Entries provided section start

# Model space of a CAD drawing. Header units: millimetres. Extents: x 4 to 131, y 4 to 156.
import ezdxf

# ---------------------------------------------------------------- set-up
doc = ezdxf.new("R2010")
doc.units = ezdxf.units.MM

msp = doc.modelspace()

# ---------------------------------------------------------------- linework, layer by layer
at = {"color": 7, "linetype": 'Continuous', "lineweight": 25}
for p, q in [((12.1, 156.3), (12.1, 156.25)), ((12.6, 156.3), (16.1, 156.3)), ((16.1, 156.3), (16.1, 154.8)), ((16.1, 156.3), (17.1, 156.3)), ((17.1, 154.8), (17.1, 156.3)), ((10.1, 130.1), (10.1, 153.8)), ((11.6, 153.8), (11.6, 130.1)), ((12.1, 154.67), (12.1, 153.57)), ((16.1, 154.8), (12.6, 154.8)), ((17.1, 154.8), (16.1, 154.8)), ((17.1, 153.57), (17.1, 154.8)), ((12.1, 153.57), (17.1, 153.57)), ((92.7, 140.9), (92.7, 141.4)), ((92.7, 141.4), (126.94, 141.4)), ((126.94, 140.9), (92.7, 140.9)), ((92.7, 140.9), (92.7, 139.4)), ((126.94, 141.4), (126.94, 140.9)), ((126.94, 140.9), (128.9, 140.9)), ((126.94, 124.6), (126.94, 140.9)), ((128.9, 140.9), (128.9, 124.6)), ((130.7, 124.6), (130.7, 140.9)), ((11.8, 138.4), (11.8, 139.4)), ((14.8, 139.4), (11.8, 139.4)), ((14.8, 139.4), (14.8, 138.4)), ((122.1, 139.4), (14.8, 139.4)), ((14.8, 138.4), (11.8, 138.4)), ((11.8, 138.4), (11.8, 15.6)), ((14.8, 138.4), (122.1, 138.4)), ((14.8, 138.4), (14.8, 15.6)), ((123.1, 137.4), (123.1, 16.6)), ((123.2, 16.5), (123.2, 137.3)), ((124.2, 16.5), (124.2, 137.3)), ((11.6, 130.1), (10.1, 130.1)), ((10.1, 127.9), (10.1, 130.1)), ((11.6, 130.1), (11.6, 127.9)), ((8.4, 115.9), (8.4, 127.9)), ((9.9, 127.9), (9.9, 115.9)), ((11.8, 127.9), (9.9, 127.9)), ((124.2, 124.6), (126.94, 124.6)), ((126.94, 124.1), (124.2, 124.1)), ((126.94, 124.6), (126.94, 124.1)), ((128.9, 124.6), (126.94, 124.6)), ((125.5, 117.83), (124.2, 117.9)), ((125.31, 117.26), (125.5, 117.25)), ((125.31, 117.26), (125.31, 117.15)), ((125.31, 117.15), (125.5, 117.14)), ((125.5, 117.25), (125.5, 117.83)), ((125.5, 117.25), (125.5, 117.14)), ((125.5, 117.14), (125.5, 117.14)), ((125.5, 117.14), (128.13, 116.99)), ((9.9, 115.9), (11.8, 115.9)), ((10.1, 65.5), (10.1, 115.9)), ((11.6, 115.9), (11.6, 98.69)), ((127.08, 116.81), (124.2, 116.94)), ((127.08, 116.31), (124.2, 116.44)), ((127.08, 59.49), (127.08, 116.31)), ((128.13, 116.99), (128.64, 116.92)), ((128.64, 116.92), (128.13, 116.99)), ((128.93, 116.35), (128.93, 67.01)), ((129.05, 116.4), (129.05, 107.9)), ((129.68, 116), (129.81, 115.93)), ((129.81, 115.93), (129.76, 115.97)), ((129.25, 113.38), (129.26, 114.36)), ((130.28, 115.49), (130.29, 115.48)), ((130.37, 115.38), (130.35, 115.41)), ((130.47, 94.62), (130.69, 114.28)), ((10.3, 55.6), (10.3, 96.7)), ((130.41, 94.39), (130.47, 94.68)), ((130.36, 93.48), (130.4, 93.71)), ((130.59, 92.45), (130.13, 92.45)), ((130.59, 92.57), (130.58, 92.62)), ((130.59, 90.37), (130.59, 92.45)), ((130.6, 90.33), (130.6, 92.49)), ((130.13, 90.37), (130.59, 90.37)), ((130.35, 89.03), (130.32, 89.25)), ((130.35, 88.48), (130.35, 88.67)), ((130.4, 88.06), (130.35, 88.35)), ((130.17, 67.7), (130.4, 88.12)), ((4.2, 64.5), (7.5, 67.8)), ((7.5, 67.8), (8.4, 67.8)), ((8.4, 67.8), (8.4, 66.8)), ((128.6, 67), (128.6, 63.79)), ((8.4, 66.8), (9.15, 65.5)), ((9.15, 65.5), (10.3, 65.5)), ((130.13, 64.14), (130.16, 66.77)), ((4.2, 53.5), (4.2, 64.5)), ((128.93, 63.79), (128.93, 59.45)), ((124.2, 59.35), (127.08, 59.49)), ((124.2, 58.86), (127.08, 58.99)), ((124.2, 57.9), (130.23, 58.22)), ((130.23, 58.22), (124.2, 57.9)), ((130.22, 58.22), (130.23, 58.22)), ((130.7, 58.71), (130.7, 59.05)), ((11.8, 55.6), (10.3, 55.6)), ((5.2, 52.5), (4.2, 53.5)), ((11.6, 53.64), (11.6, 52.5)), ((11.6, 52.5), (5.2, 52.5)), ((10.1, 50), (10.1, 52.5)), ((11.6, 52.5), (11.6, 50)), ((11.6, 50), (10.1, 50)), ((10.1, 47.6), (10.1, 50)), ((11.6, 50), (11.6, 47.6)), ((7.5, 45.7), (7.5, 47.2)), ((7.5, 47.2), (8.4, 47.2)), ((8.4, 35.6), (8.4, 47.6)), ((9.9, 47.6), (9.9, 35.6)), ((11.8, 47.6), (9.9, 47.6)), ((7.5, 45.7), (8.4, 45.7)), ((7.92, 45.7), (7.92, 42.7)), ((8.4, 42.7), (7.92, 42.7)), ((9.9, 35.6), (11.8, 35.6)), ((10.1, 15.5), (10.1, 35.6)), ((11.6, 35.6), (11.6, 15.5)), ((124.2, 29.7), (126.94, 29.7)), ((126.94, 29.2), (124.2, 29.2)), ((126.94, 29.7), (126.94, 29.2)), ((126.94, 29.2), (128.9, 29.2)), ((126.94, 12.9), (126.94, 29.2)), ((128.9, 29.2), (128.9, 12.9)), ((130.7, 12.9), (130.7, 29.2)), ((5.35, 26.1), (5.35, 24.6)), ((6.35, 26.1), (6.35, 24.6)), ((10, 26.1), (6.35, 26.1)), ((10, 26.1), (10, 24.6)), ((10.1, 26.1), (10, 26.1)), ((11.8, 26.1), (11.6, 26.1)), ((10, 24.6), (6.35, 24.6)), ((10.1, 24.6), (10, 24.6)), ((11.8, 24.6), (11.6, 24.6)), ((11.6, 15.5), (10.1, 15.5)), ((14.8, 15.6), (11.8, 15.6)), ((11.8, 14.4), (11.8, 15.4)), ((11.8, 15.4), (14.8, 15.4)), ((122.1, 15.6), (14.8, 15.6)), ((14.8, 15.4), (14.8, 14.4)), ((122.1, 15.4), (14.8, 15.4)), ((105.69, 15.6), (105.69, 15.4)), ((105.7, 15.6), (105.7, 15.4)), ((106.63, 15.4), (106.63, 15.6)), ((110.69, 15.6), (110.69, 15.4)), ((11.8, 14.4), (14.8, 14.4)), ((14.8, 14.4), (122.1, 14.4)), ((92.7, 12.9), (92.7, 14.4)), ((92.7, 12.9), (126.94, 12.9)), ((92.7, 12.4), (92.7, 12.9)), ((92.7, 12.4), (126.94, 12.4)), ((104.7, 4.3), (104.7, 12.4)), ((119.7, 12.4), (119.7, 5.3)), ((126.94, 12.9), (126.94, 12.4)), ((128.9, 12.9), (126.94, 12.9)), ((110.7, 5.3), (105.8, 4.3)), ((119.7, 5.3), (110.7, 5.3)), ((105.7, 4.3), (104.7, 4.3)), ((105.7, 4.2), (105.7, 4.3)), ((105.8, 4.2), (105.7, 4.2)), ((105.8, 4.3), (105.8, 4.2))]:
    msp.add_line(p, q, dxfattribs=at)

Entries provided section end

#### Task instructions
Which lines of the entries contain "units"? Count them and write only the number.

#### Task output
2